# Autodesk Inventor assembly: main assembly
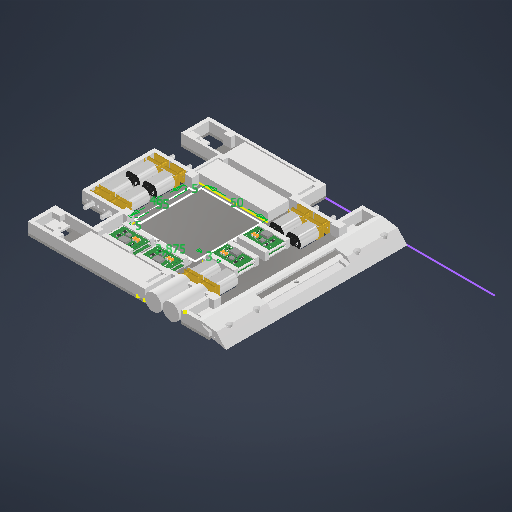
[picture p0: Inventor's stored thumbnail of the model, 512x512]
Saved by Autodesk Inventor 2026.2 (Build 302298010, 298A)
## iProperties
Created: 2026-04-27
Part Number: main assembly
Document SubType Name: Assembly
Designer: karol
Author: karol
## Documents named in this file (21)
- C:\Users\karol\OneDrive\Dokumenty\GitHub\bolt\bolt\cad\assembly\main assembly.iam
- C:\Users\karol\OneDrive\Dokumenty\GitHub\bolt\bolt\cad\ready parts\base.ipt
- C:\Users\karol\OneDrive\Dokumenty\GitHub\bolt\bolt\cad\ready parts\lewasciana.ipt
- C:\Users\karol\OneDrive\Dokumenty\GitHub\bolt\bolt\cad\ready parts\prawasciana.ipt
- C:\Users\karol\OneDrive\Dokumenty\GitHub\bolt\bolt\cad\ready parts\rmwall.ipt
- C:\Users\karol\OneDrive\Dokumenty\GitHub\bolt\bolt\cad\ready parts\lmwall.ipt
- C:\Users\karol\OneDrive\Dokumenty\GitHub\bolt\bolt\cad\ready parts\Pololu #2218 Micro Metal Gearmotor HP.ipt
- C:\Users\karol\OneDrive\Dokumenty\GitHub\bolt\bolt\cad\assembly\backmotors.iam
- C:\Users\karol\OneDrive\Dokumenty\GitHub\bolt\bolt\cad\ready parts\lewascianakoło.ipt
- C:\Users\karol\OneDrive\Dokumenty\GitHub\bolt\bolt\cad\ready parts\prawascianakolo.ipt
- C:\Users\karol\OneDrive\Dokumenty\GitHub\bolt\bolt\cad\ready parts\lfmw.ipt
- C:\Users\karol\OneDrive\Dokumenty\GitHub\bolt\bolt\cad\ready parts\rfmw.ipt
- C:\Users\karol\OneDrive\Dokumenty\GitHub\bolt\bolt\cad\ready parts\lipo.ipt
- C:\Users\karol\OneDrive\Dokumenty\GitHub\bolt\bolt\cad\assembly\plugassmbly.iam
- C:\Users\karol\OneDrive\Dokumenty\GitHub\bolt\bolt\cad\assembly\drvassembly.iam
- C:\Users\karol\OneDrive\Dokumenty\GitHub\bolt\bolt\cad\printing parts\rim-v1.ipt
- C:\Users\karol\OneDrive\Dokumenty\GitHub\bolt\bolt\cad\assembly\drvassemblylf.iam
- drvassemblylf.iam
- C:\Users\karol\OneDrive\Dokumenty\GitHub\bolt\bolt\cad\assembly\drvassemblyrf.iam
- drvassemblyrf.iam
- C:\Users\karol\OneDrive\Dokumenty\GitHub\bolt\bolt\cad\ready parts\zawiasv2.ipt
## Components (25 placed, 18 different names)
1. base:1 — Mate:1, Mate:2, Mate:3, Mate:4, Mate:5, Mate:7, Mate:15, Mate:16, Mate:17, Mate:18, Mate:21, Mate:22, Mate:23, Mate:24, Mate:28, Mate:29, Mate:30, Mate:32, Mate:33, Mate:34, Mate:35, Mate:36, Mate:37, Mate:38, Mate:39, Mate:40, Mate:41, Mate:45, Mate:47, Mate:48, Mate:68, Mate:73, Mate:74, Mate:75, Mate:80, Mate:81, Mate:82, Mate:83
2. lewasciana:1 — Mate:1, Mate:2, Mate:46, Mate:54, Mate:55, Mate:70, Mate:71, Mate:72
3. prawasciana:1 — Mate:3, Mate:4, Mate:49, Mate:56
4. rmwall:1 — Mate:5, Mate:48, Mate:49, Mate:50, Mate:51, Mate:79
5. lmwall:1 — Mate:7, Mate:52, Mate:53, Mate:54, Mate:55, Flush:1, Flush:2, Mate:61, Mate:76
6. Pololu #2218 Micro Metal Gearmotor HP:3 — Mate:17, Mate:18
7. Pololu #2218 Micro Metal Gearmotor HP:4 — Mate:15, Mate:16
8. Pololu #2218 Micro Metal Gearmotor HP:7 — Mate:21, Mate:22
9. Pololu #2218 Micro Metal Gearmotor HP:8 — Mate:23, Mate:24, Mate:60, Angle:1
10. lewascianakoło:1 — Mate:32, Mate:33, Mate:69
11. prawascianakolo:1 — Mate:28, Mate:29, Mate:30, Mate:42, Mate:43
12. backmotors:1 [sub-assembly] — Mate:34, Mate:35
13. lfmw:1 — Mate:36, Mate:37, Mate:38, Mate:52, Mate:53, Mate:77
14. rfmw:1 — Mate:39, Mate:40, Mate:41, Mate:50, Mate:51, Mate:78
15. lipo:2 — Mate:46, Mate:47
16. lipo:3 — Mate:42, Mate:43
17. lipo:4 — Mate:45, Mate:56
18. plugassmbly:1 [sub-assembly] — Mate:84, Mate:85, Mate:86, Mate:87
19. drvassembly:1 [sub-assembly] — Mate:68, Mate:69, Mate:70
20. drvassembly:2 [sub-assembly] — Mate:71, Mate:72, Mate:73
21. rim-v1:1 — Flush:1, Flush:2
22. rim-v1:2 — Mate:60, Angle:1, Mate:61
23. drvassemblylf:1 [sub-assembly] — Mate:75, Mate:78, Mate:79
24. drvassemblyrf:3 [sub-assembly] — Mate:74, Mate:76, Mate:77
25. zawiasv2:1 — Mate:80, Mate:81, Mate:82, Mate:83, Mate:84, Mate:85, Mate:86, Mate:87
## Relationships (66: Mate 63, Flush 2, Angle 1)
- Mate:1: base:1 ↔ lewasciana:1
- Mate:2: base:1 ↔ lewasciana:1
- Mate:3: base:1 ↔ prawasciana:1
- Mate:4: base:1 ↔ prawasciana:1
- Mate:5: base:1 ↔ rmwall:1
- Mate:7: base:1 ↔ lmwall:1
- Mate:15: base:1 ↔ Pololu #2218 Micro Metal Gearmotor HP:4
- Mate:16: base:1 ↔ Pololu #2218 Micro Metal Gearmotor HP:4
- Mate:17: base:1 ↔ Pololu #2218 Micro Metal Gearmotor HP:3
- Mate:18: base:1 ↔ Pololu #2218 Micro Metal Gearmotor HP:3
- Mate:21: base:1 ↔ Pololu #2218 Micro Metal Gearmotor HP:7
- Mate:22: base:1 ↔ Pololu #2218 Micro Metal Gearmotor HP:7
- Mate:23: base:1 ↔ Pololu #2218 Micro Metal Gearmotor HP:8
- Mate:24: base:1 ↔ Pololu #2218 Micro Metal Gearmotor HP:8
- Mate:28: base:1 ↔ prawascianakolo:1
- Mate:29: base:1 ↔ prawascianakolo:1
- Mate:30: base:1 ↔ prawascianakolo:1
- Mate:32: base:1 ↔ lewascianakoło:1
- Mate:33: base:1 ↔ lewascianakoło:1
- Mate:34: base:1 ↔ backmotors:1
- Mate:35: base:1 ↔ backmotors:1
- Mate:36: base:1 ↔ lfmw:1
- Mate:37: base:1 ↔ lfmw:1
- Mate:38: base:1 ↔ lfmw:1
- Mate:39: base:1 ↔ rfmw:1
- Mate:40: base:1 ↔ rfmw:1
- Mate:41: base:1 ↔ rfmw:1
- Mate:42: prawascianakolo:1 ↔ lipo:3
- Mate:43: prawascianakolo:1 ↔ lipo:3
- Mate:45: base:1 ↔ lipo:4
- Mate:46: lewasciana:1 ↔ lipo:2
- Mate:47: base:1 ↔ lipo:2
- Mate:48: base:1 ↔ rmwall:1
- Mate:49: prawasciana:1 ↔ rmwall:1
- Mate:50: rmwall:1 ↔ rfmw:1
- Mate:51: rmwall:1 ↔ rfmw:1
- Mate:52: lmwall:1 ↔ lfmw:1
- Mate:53: lmwall:1 ↔ lfmw:1
- Mate:54: lewasciana:1 ↔ lmwall:1
- Mate:55: lewasciana:1 ↔ lmwall:1
- Mate:56: prawasciana:1 ↔ lipo:4
- Flush:1: lmwall:1 ↔ rim-v1:1
- Flush:2 (0.5 mm): lmwall:1 ↔ rim-v1:1
- Mate:60: Pololu #2218 Micro Metal Gearmotor HP:8 ↔ rim-v1:2
- Angle:1 (180 deg): Pololu #2218 Micro Metal Gearmotor HP:8 ↔ rim-v1:2
- Mate:61: lmwall:1 ↔ rim-v1:2
- Mate:68: base:1 ↔ drvassembly:1
- Mate:69 (5 mm): lewascianakoło:1 ↔ drvassembly:1
- Mate:70 (20 mm): lewasciana:1 ↔ drvassembly:1
- Mate:71 (4 mm): lewasciana:1 ↔ drvassembly:2
- Mate:72 (20 mm): lewasciana:1 ↔ drvassembly:2
- Mate:73: base:1 ↔ drvassembly:2
- Mate:74: base:1 ↔ drvassemblyrf:3
- Mate:75: base:1 ↔ drvassemblylf:1
- Mate:76 (27 mm): lmwall:1 ↔ drvassemblyrf:3
- Mate:77 (8 mm): lfmw:1 ↔ drvassemblyrf:3
- Mate:78 (8 mm): rfmw:1 ↔ drvassemblylf:1
- Mate:79 (27 mm): rmwall:1 ↔ drvassemblylf:1
- Mate:80: base:1 ↔ zawiasv2:1
- Mate:81: base:1 ↔ zawiasv2:1
- Mate:82: base:1 ↔ zawiasv2:1
- Mate:83: base:1 ↔ zawiasv2:1
- Mate:84: plugassmbly:1 ↔ zawiasv2:1
- Mate:85: plugassmbly:1 ↔ zawiasv2:1
- Mate:86: plugassmbly:1 ↔ zawiasv2:1
- Mate:87: plugassmbly:1 ↔ zawiasv2:1

##########

=== Task details ===
Each line in the entries above, starting at the line with "- Flush:2 (0.5 mm): lmwall:1 ↔ rim-v1:1" and ending at the line with "- Mate:74: base:1 ↔ drvassemblyrf:3", is to be printed exactly, and only those lines.

=== Your solution ===
- Flush:2 (0.5 mm): lmwall:1 ↔ rim-v1:1
- Mate:60: Pololu #2218 Micro Metal Gearmotor HP:8 ↔ rim-v1:2
- Angle:1 (180 deg): Pololu #2218 Micro Metal Gearmotor HP:8 ↔ rim-v1:2
- Mate:61: lmwall:1 ↔ rim-v1:2
- Mate:68: base:1 ↔ drvassembly:1
- Mate:69 (5 mm): lewascianakoło:1 ↔ drvassembly:1
- Mate:70 (20 mm): lewasciana:1 ↔ drvassembly:1
- Mate:71 (4 mm): lewasciana:1 ↔ drvassembly:2
- Mate:72 (20 mm): lewasciana:1 ↔ drvassembly:2
- Mate:73: base:1 ↔ drvassembly:2
- Mate:74: base:1 ↔ drvassemblyrf:3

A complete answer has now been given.